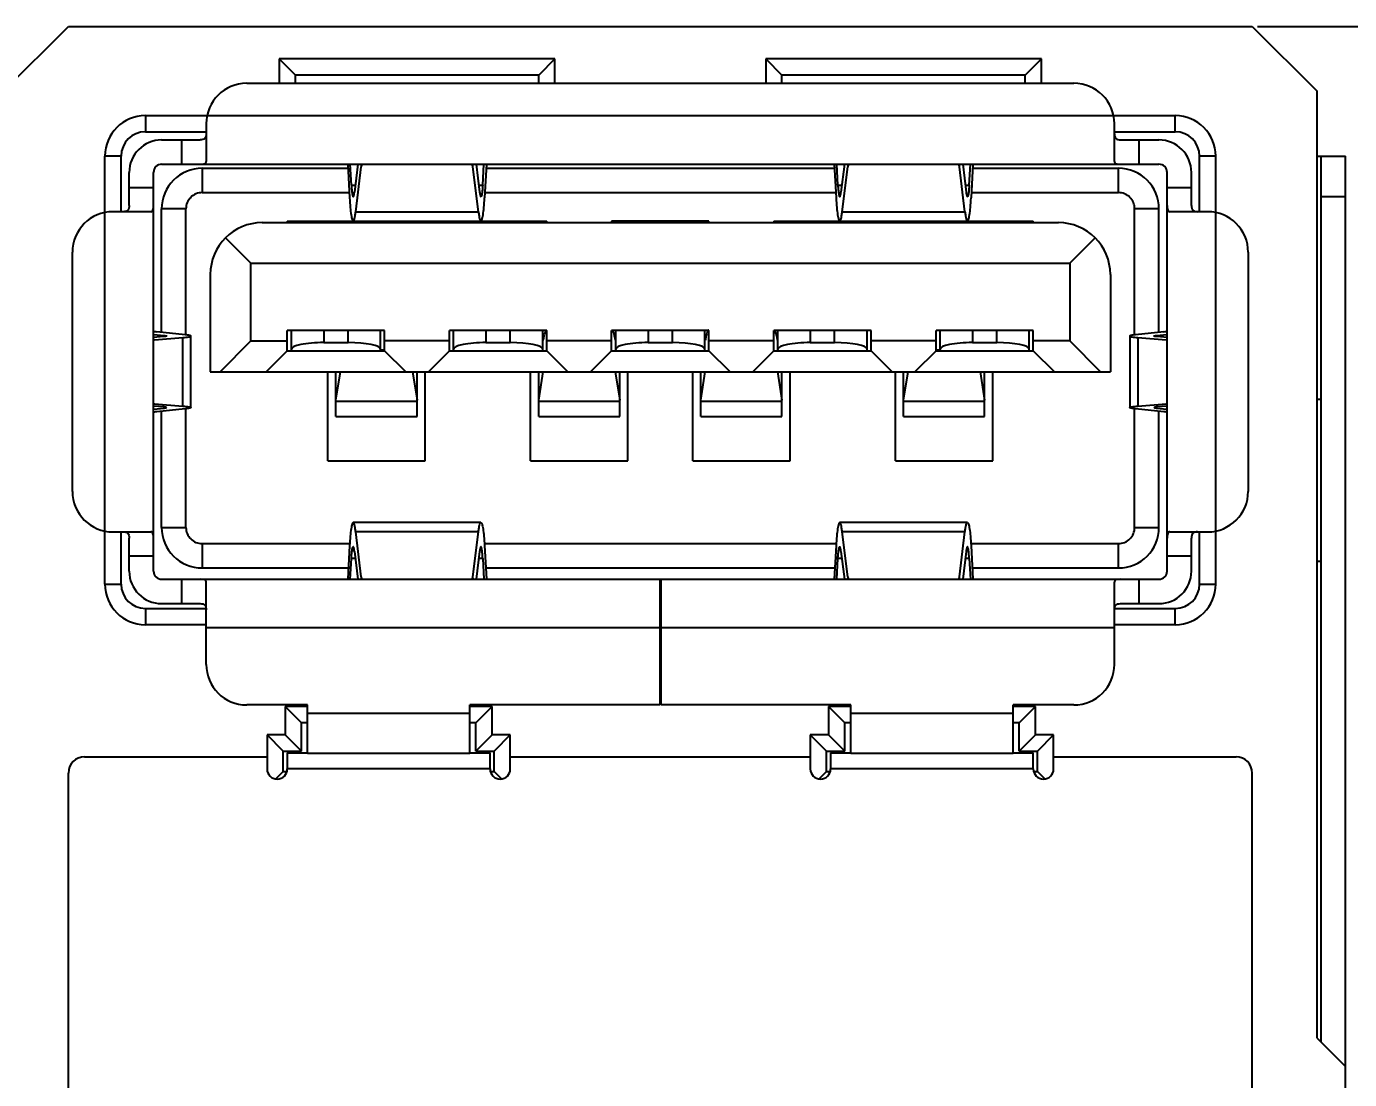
# Model space of a CAD drawing. Header units: millimetres. Extents: x 15 to 418, y 12 to 300.
# Drawn here: x 146.98 to 163.3, y 82.27 to 95.26 of the extents above; entities that cross this region are included whole.
import ezdxf

# ---------------------------------------------------------------- set-up
doc = ezdxf.new("R2010")
doc.units = ezdxf.units.MM
doc.header["$LTSCALE"] = 23.1
doc.layers.get('0').update_dxf_attribs({"linetype": 'CONTINUOUS'})
doc.styles.get("Standard").update_dxf_attribs({"font": 'txt', "width": 0.8})
doc.dimstyles.new('DIMSTYLE_1', dxfattribs={"dimtxt": 4, "dimasz": 4, "dimexe": 0.5, "dimexo": 0.0625, "dimgap": 1, "dimtad": 0, "dimtih": 1, "dimtoh": 1, "dimdec": 1, "dimdsep": 46, "dimtxsty": 'Standard', "dimblk": '_FILLED', "dimblk1": '_FILLED', "dimblk2": '_FILLED', "dimcen": 0.09, "dimadec": 0, "dimazin": 0, "dimtol": 1, "dimtp": 0.5, "dimtm": 0.5, "dimtfac": 1, "dimtdec": 1, "dimtofl": 0, "dimtmove": 0, "dimatfit": 3, "dimldrblk": '_FILLED', "dimfxl": 0, "dimtolj": 1, "dimarcsym": 0})

# ---------------------------------------------------------------- blocks, each defined once
blk = doc.blocks.new('_FILLED')
at = {"color": 0, "linetype": 'ByBlock'}
blk.add_solid([(0, 0), (-1, 0.25), (-1, -0.25)], dxfattribs=at)
blk = doc.blocks.new('*D1')
at = {"color": 2, "linetype": 'Continuous', "transparency": 16777216}
for p, q in [((162.164, 95.259), (203.143, 95.259)), ((202.643, 95.259), (202.643, 75.813)), ((202.643, 56.367), (202.643, 75.813)), ((184.164, 56.367), (203.143, 56.367))]:
    blk.add_line(p, q, dxfattribs=at)
at = {"color": 2, "linetype": 'Continuous', "transparency": 16777216, "xscale": 4, "yscale": 4, "zscale": 4}
for p, rotation in [((202.643, 95.259), 90), ((202.643, 56.367), 270)]:
    blk.add_blockref('_FILLED', p, dxfattribs=dict(at, rotation=rotation))

msp = doc.modelspace()

# ---------------------------------------------------------------- linework, layer by layer
at = {"color": 6, "linetype": 'Continuous'}
for p, q in [((146.701, 94.459), (147.501, 95.259)), ((147.501, 95.259), (162.101, 95.259)), ((162.101, 95.259), (162.901, 94.459)), ((150.101, 94.859), (150.101, 94.559)), ((150.301, 94.659), (150.101, 94.859)), ((153.501, 94.859), (150.101, 94.859)), ((153.501, 94.859), (153.301, 94.659)), ((153.501, 94.559), (153.501, 94.859)), ((156.101, 94.859), (156.101, 94.559)), ((156.101, 94.859), (156.301, 94.659)), ((159.501, 94.859), (156.101, 94.859)), ((159.501, 94.859), (159.301, 94.659)), ((159.501, 94.559), (159.501, 94.859)), ((150.301, 94.559), (150.301, 94.659)), ((153.301, 94.659), (150.301, 94.659)), ((153.301, 94.559), (153.301, 94.659)), ((156.301, 94.559), (156.301, 94.659)), ((159.301, 94.659), (156.301, 94.659)), ((159.301, 94.559), (159.301, 94.659)), ((149.701, 94.559), (159.901, 94.559)), ((162.901, 82.779), (162.901, 94.459)), ((148.451, 94.159), (148.451, 93.959)), ((148.451, 94.159), (161.151, 94.159)), ((161.151, 93.959), (161.151, 94.159)), ((149.201, 94.059), (149.201, 93.593)), ((160.401, 93.593), (160.401, 94.059)), ((148.451, 93.959), (149.201, 93.959)), ((148.651, 93.859), (149.125, 93.859)), ((148.901, 93.559), (148.901, 93.859)), ((160.401, 93.959), (161.151, 93.959)), ((160.477, 93.859), (160.951, 93.859)), ((160.701, 93.859), (160.701, 93.559)), ((147.951, 88.379), (147.951, 93.659)), ((148.151, 93.659), (147.951, 93.659)), ((148.151, 92.974), (148.151, 93.659)), ((148.651, 93.559), (160.951, 93.559)), ((149.151, 93.509), (149.151, 93.209)), ((149.151, 93.509), (150.949, 93.509)), ((150.946, 93.559), (150.969, 93.143)), ((150.991, 93.301), (150.977, 93.559)), ((151.071, 93.559), (151.029, 93.215)), ((151.044, 92.972), (151.112, 93.528)), ((151.11, 93.559), (151.112, 93.528)), ((152.49, 93.528), (152.492, 93.559)), ((152.558, 92.972), (152.49, 93.528)), ((152.531, 93.559), (152.573, 93.215)), ((152.611, 93.301), (152.625, 93.559)), ((152.656, 93.559), (152.633, 93.143)), ((152.653, 93.509), (156.949, 93.509)), ((156.946, 93.559), (156.969, 93.143)), ((156.991, 93.301), (156.977, 93.559)), ((157.071, 93.559), (157.029, 93.215)), ((157.044, 92.972), (157.112, 93.528)), ((157.11, 93.559), (157.112, 93.528)), ((158.49, 93.528), (158.492, 93.559)), ((158.558, 92.972), (158.49, 93.528)), ((158.531, 93.559), (158.573, 93.215)), ((158.611, 93.301), (158.625, 93.559)), ((158.656, 93.559), (158.633, 93.143)), ((158.653, 93.509), (160.451, 93.509)), ((160.451, 93.209), (160.451, 93.509)), ((161.451, 92.974), (161.451, 93.659)), ((161.651, 93.659), (161.451, 93.659)), ((161.651, 88.379), (161.651, 93.659)), ((162.901, 93.659), (163.251, 93.659)), ((162.951, 82.729), (162.951, 93.659)), ((163.251, 75.767), (163.251, 93.659)), ((148.251, 93.05), (148.251, 93.459)), ((148.551, 88.539), (148.551, 93.459)), ((161.051, 88.539), (161.051, 93.459)), ((161.351, 93.05), (161.351, 93.459)), ((148.251, 93.274), (148.551, 93.274)), ((149.151, 93.209), (150.965, 93.209)), ((150.991, 93.301), (151.039, 93.301)), ((152.563, 93.301), (152.611, 93.301)), ((152.637, 93.209), (156.965, 93.209)), ((156.991, 93.301), (157.039, 93.301)), ((158.563, 93.301), (158.611, 93.301)), ((158.637, 93.209), (160.451, 93.209)), ((161.051, 93.274), (161.351, 93.274)), ((148.651, 91.486), (148.651, 93.009)), ((148.951, 93.009), (148.651, 93.009)), ((148.951, 91.455), (148.951, 93.009)), ((160.651, 91.455), (160.651, 93.009)), ((160.951, 93.009), (160.651, 93.009)), ((160.951, 91.486), (160.951, 93.009)), ((163.251, 93.159), (162.951, 93.159)), ((148.517, 92.974), (148.051, 92.974)), ((150.201, 92.859), (150.201, 92.839)), ((150.201, 92.859), (153.401, 92.859)), ((151.044, 92.972), (152.558, 92.972)), ((151.401, 92.839), (151.401, 92.859)), ((152.201, 92.859), (152.201, 92.839)), ((153.401, 92.839), (153.401, 92.859)), ((154.201, 92.859), (154.201, 92.839)), ((155.401, 92.859), (154.201, 92.859)), ((155.401, 92.839), (155.401, 92.859)), ((156.201, 92.859), (156.201, 92.839)), ((156.201, 92.859), (159.401, 92.859)), ((157.044, 92.972), (158.558, 92.972)), ((157.401, 92.839), (157.401, 92.859)), ((158.201, 92.859), (158.201, 92.839)), ((159.401, 92.839), (159.401, 92.859)), ((161.551, 92.974), (161.085, 92.974)), ((149.891, 92.839), (159.711, 92.839)), ((149.438, 92.651), (149.751, 92.339)), ((159.851, 92.339), (160.164, 92.651)), ((147.551, 89.524), (147.551, 92.474)), ((162.051, 92.474), (162.051, 89.524)), ((149.251, 92.199), (149.251, 90.999)), ((149.751, 91.379), (149.751, 92.339)), ((149.751, 92.339), (159.851, 92.339)), ((159.851, 92.339), (159.851, 91.379)), ((160.351, 92.199), (160.351, 90.999)), ((148.551, 91.46), (148.683, 91.446)), ((148.672, 91.433), (148.551, 91.423)), ((148.564, 91.393), (148.913, 91.422)), ((148.942, 91.455), (148.592, 91.492)), ((148.683, 91.433), (148.683, 91.446)), ((148.913, 90.576), (148.913, 91.422)), ((149.011, 90.558), (149.011, 91.44)), ((149.371, 90.999), (149.751, 91.379)), ((149.751, 91.379), (150.201, 91.379)), ((150.201, 91.259), (150.201, 91.509)), ((151.401, 91.509), (150.201, 91.509)), ((150.251, 91.259), (150.251, 91.509)), ((150.651, 91.509), (150.651, 91.359)), ((150.951, 91.359), (150.951, 91.509)), ((151.351, 91.259), (151.351, 91.509)), ((151.401, 91.259), (151.401, 91.509)), ((152.201, 91.379), (151.401, 91.379)), ((152.201, 91.259), (152.201, 91.509)), ((153.401, 91.509), (152.201, 91.509)), ((152.251, 91.259), (152.251, 91.509)), ((152.651, 91.509), (152.651, 91.359)), ((152.951, 91.359), (152.951, 91.509)), ((153.351, 91.259), (153.351, 91.509)), ((153.401, 91.259), (153.401, 91.509)), ((154.201, 91.379), (153.401, 91.379)), ((154.201, 91.259), (154.201, 91.509)), ((155.401, 91.509), (154.201, 91.509)), ((154.251, 91.259), (154.251, 91.509)), ((154.651, 91.509), (154.651, 91.359)), ((154.951, 91.359), (154.951, 91.509)), ((155.351, 91.259), (155.351, 91.509)), ((155.401, 91.259), (155.401, 91.509)), ((156.201, 91.379), (155.401, 91.379)), ((156.201, 91.259), (156.201, 91.509)), ((157.401, 91.509), (156.201, 91.509)), ((156.251, 91.259), (156.251, 91.509)), ((156.651, 91.509), (156.651, 91.359)), ((156.951, 91.359), (156.951, 91.509)), ((157.351, 91.259), (157.351, 91.509)), ((157.401, 91.259), (157.401, 91.509)), ((158.201, 91.379), (157.401, 91.379)), ((158.201, 91.259), (158.201, 91.509)), ((159.401, 91.509), (158.201, 91.509)), ((158.251, 91.259), (158.251, 91.509)), ((158.651, 91.509), (158.651, 91.359)), ((158.951, 91.359), (158.951, 91.509)), ((159.351, 91.259), (159.351, 91.509)), ((159.401, 91.259), (159.401, 91.509)), ((159.851, 91.379), (159.401, 91.379)), ((160.231, 90.999), (159.851, 91.379)), ((160.591, 91.44), (160.591, 90.558)), ((161.01, 91.492), (160.66, 91.455)), ((160.689, 91.422), (160.689, 90.576)), ((160.689, 91.422), (161.038, 91.393)), ((160.919, 91.446), (161.051, 91.46)), ((160.919, 91.446), (160.919, 91.433)), ((161.051, 91.423), (160.93, 91.433)), ((150.201, 91.259), (149.941, 90.999)), ((150.201, 91.259), (151.401, 91.259)), ((150.651, 91.359), (150.951, 91.359)), ((151.351, 91.269), (151.401, 91.269)), ((151.661, 90.999), (151.401, 91.259)), ((152.201, 91.259), (151.941, 90.999)), ((152.201, 91.259), (153.401, 91.259)), ((152.651, 91.359), (152.951, 91.359)), ((153.661, 90.999), (153.401, 91.259)), ((154.201, 91.259), (153.941, 90.999)), ((154.201, 91.259), (155.401, 91.259)), ((154.651, 91.359), (154.951, 91.359)), ((155.661, 90.999), (155.401, 91.259)), ((156.201, 91.259), (155.941, 90.999)), ((156.201, 91.259), (157.401, 91.259)), ((156.651, 91.359), (156.951, 91.359)), ((157.661, 90.999), (157.401, 91.259)), ((158.201, 91.259), (157.941, 90.999)), ((158.201, 91.269), (158.251, 91.269)), ((158.201, 91.259), (159.401, 91.259)), ((158.651, 91.359), (158.951, 91.359)), ((159.401, 91.259), (159.661, 90.999)), ((149.251, 90.999), (160.351, 90.999)), ((150.701, 89.899), (150.701, 90.999)), ((150.801, 90.648), (150.856, 90.999)), ((150.801, 90.648), (150.801, 90.999)), ((151.746, 90.999), (151.801, 90.648)), ((151.801, 90.635), (151.801, 90.999)), ((151.901, 89.899), (151.901, 90.999)), ((153.201, 89.899), (153.201, 90.999)), ((153.301, 90.648), (153.356, 90.999)), ((153.301, 90.648), (153.301, 90.999)), ((154.246, 90.999), (154.301, 90.648)), ((154.301, 90.635), (154.301, 90.999)), ((154.401, 89.899), (154.401, 90.999)), ((155.201, 89.899), (155.201, 90.999)), ((155.301, 90.648), (155.356, 90.999)), ((155.301, 90.648), (155.301, 90.999)), ((156.246, 90.999), (156.301, 90.648)), ((156.301, 90.635), (156.301, 90.999)), ((156.401, 89.899), (156.401, 90.999)), ((157.701, 89.899), (157.701, 90.999)), ((157.801, 90.648), (157.856, 90.999)), ((157.801, 90.648), (157.801, 90.999)), ((158.746, 90.999), (158.801, 90.648)), ((158.801, 90.635), (158.801, 90.999)), ((158.901, 89.899), (158.901, 90.999)), ((148.672, 90.565), (148.551, 90.575)), ((148.564, 90.605), (148.913, 90.576)), ((148.683, 90.552), (148.683, 90.565)), ((150.801, 90.635), (150.801, 90.648)), ((150.801, 90.449), (150.801, 90.635)), ((150.801, 90.635), (151.801, 90.635)), ((151.801, 90.449), (151.801, 90.635)), ((153.301, 90.635), (153.301, 90.648)), ((153.301, 90.449), (153.301, 90.635)), ((153.301, 90.635), (154.301, 90.635)), ((154.301, 90.449), (154.301, 90.635)), ((155.301, 90.635), (155.301, 90.648)), ((155.301, 90.449), (155.301, 90.635)), ((155.301, 90.635), (156.301, 90.635)), ((156.301, 90.449), (156.301, 90.635)), ((157.801, 90.635), (157.801, 90.648)), ((157.801, 90.449), (157.801, 90.635)), ((157.801, 90.635), (158.801, 90.635)), ((158.801, 90.449), (158.801, 90.635)), ((160.689, 90.576), (161.038, 90.605)), ((160.919, 90.565), (160.919, 90.552)), ((161.051, 90.575), (160.93, 90.565)), ((162.951, 90.659), (162.901, 90.659)), ((148.551, 90.538), (148.683, 90.552)), ((148.942, 90.542), (148.592, 90.506)), ((148.651, 89.079), (148.651, 90.512)), ((148.951, 89.079), (148.951, 90.542)), ((150.801, 90.449), (151.801, 90.449)), ((153.301, 90.449), (154.301, 90.449)), ((155.301, 90.449), (156.301, 90.449)), ((157.801, 90.449), (158.801, 90.449)), ((160.651, 89.079), (160.651, 90.542)), ((161.01, 90.506), (160.66, 90.542)), ((160.919, 90.552), (161.051, 90.538)), ((160.951, 89.079), (160.951, 90.512)), ((150.701, 89.899), (151.901, 89.899)), ((153.201, 89.899), (154.401, 89.899)), ((155.201, 89.899), (156.401, 89.899)), ((157.701, 89.899), (158.901, 89.899)), ((152.588, 89.139), (151.014, 89.139)), ((158.588, 89.139), (157.014, 89.139)), ((148.051, 89.024), (148.517, 89.024)), ((148.151, 88.379), (148.151, 89.024)), ((148.251, 88.539), (148.251, 88.948)), ((148.651, 89.079), (148.951, 89.079)), ((151.112, 88.469), (151.044, 89.026)), ((152.558, 89.026), (151.044, 89.026)), ((152.49, 88.469), (152.558, 89.026)), ((157.112, 88.469), (157.044, 89.026)), ((158.558, 89.026), (157.044, 89.026)), ((158.49, 88.469), (158.558, 89.026)), ((160.651, 89.079), (160.951, 89.079)), ((161.085, 89.024), (161.551, 89.024)), ((161.351, 88.539), (161.351, 88.948)), ((161.451, 88.379), (161.451, 89.024)), ((149.151, 88.879), (149.151, 88.579)), ((149.151, 88.879), (150.969, 88.879)), ((150.969, 88.854), (150.946, 88.439)), ((151.029, 88.782), (151.071, 88.439)), ((152.573, 88.782), (152.531, 88.439)), ((152.633, 88.879), (156.969, 88.879)), ((152.633, 88.854), (152.656, 88.439)), ((156.969, 88.854), (156.946, 88.439)), ((157.029, 88.782), (157.071, 88.439)), ((158.573, 88.782), (158.531, 88.439)), ((158.633, 88.879), (160.451, 88.879)), ((158.633, 88.854), (158.656, 88.439)), ((160.451, 88.579), (160.451, 88.879)), ((148.551, 88.724), (148.251, 88.724)), ((150.977, 88.439), (150.991, 88.697)), ((151.039, 88.697), (150.991, 88.697)), ((152.611, 88.697), (152.563, 88.697)), ((152.611, 88.697), (152.625, 88.439)), ((156.977, 88.439), (156.991, 88.697)), ((157.039, 88.697), (156.991, 88.697)), ((158.611, 88.697), (158.563, 88.697)), ((158.611, 88.697), (158.625, 88.439)), ((161.351, 88.724), (161.051, 88.724)), ((162.951, 88.659), (162.901, 88.659)), ((148.651, 88.439), (160.951, 88.439)), ((148.901, 88.139), (148.901, 88.439)), ((149.151, 88.579), (150.954, 88.579)), ((151.112, 88.469), (151.11, 88.439)), ((152.492, 88.439), (152.49, 88.469)), ((152.648, 88.579), (156.954, 88.579)), ((154.801, 86.889), (154.801, 88.439)), ((154.811, 86.889), (154.811, 88.439)), ((157.112, 88.469), (157.11, 88.439)), ((158.492, 88.439), (158.49, 88.469)), ((158.648, 88.579), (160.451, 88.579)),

Required action —
Return, from the data, each line that has the word "transparency" in it.

Solution to this problem —
at = {"color": 2, "linetype": 'Continuous', "transparency": 16777216}
at = {"color": 2, "linetype": 'Continuous', "transparency": 16777216, "xscale": 4, "yscale": 4, "zscale": 4}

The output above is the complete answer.